Valeda is the first FDA-authorized treatment (November, 2024) to improve vision in dry AMD patients. In the pivotal U.S. LIGHTSITE III trial, Valeda met the primary endpoint and was shown to be safe and effective. Valeda demonstrated an improvement in best corrected visual acuity (BCVA) for 24 months of >5 letters or equivalent to one line improvement on the eye chart.
“The LIGHTSITE IIIB Extension Trial results extend two-year pivotal trial vision benefits out to 4.5 years and showed an excellent safety profile,” stated David Boyer, MD, FASRS, Retina Vitreous Associates Medical Group, Beverly Hills, CA. “This is very exciting data for early to intermediate dry AMD patients. The 4.5-year follow-up included a 20-month no-treatment period between the two trials, wherein the patients still maintained some vision benefit from the earlier pivotal trial and recovered vision upon retreatment in the extension trial.”

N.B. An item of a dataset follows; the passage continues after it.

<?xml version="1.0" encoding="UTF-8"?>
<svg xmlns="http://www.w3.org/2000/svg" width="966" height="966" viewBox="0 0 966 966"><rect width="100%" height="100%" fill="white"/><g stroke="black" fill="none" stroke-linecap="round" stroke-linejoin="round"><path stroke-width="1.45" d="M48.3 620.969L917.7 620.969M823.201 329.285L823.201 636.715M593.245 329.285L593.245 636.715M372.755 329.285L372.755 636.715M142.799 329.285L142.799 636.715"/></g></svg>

The trial results were presented on May 7th at the 2025 Meeting of the Association for Research in Vision and Ophthalmology 2025 (ARVO) by co-investigators Diane Do, MD, FASRS and Quan Dong Nguyen, MD, MSc, FARVO, FASRS, Byers Eye Institute, Stanford University.
The ARVO Annual Meeting is the premiere gathering for eye and vision scientists from across the globe, at all career stages, students, and those in affiliated fields to share the latest research findings and collaborate on innovative solutions and was held May 4 - 8inSalt Lake City, Utah.
“The primary endpoint of the trial was BCVA gain. After another 13 months of treatment, although the size of the study population of LIGHTSITE IIIB is relatively small, >60% of the subjects that received Valeda treatment in both studies were still showing a benefit in vision of over one line,” indicated Quan Dong Nguyen, MD. MSc, FARVO, FASRS, Professor of Ophthalmology, Medicine, and Pediatrics at the Stanford University School of Medicine. “What is exciting is this is the first and only FDA-authorized treatment that can improve vision with extended benefits out to 4.5 years, suggesting that earlier and extended treatment provides the best outcomes.”
“There is now a non-invasive treatment for dry AMD patients that can improve vision and address the disease earlier, before permanent vision loss,” stated Clark Tedford, Ph.D., President and CEO, LumiThera, Inc. “The extended trial results demonstrate that Valeda is potentially modifying the trajectory of vision loss in dry AMD patients and can offer sustainable benefits over several years with continued treatment.”
About AMD
AMD is a leading cause of vision loss for people aged 65 and older. Losing central vision can make it harder to see faces, drive, or do close-up work like cooking or fixing things around the house. The overall prevalence of AMD is estimated to increase 7-fold with age, from 4.2% in those aged 45–49 years, to 27.2% in those aged 80–85 years. Globally, the prevalence is estimated to increase by 20% between 2020 (195.6 million) and 2030 (243.3 million).
About LumiThera
LumiThera, Inc. is an ophthalmic medical device company that is Harnessing the Power of Light™ to offer a comprehensive approach for detecting, treating, and monitoring retinal diseases, specifically dry AMD.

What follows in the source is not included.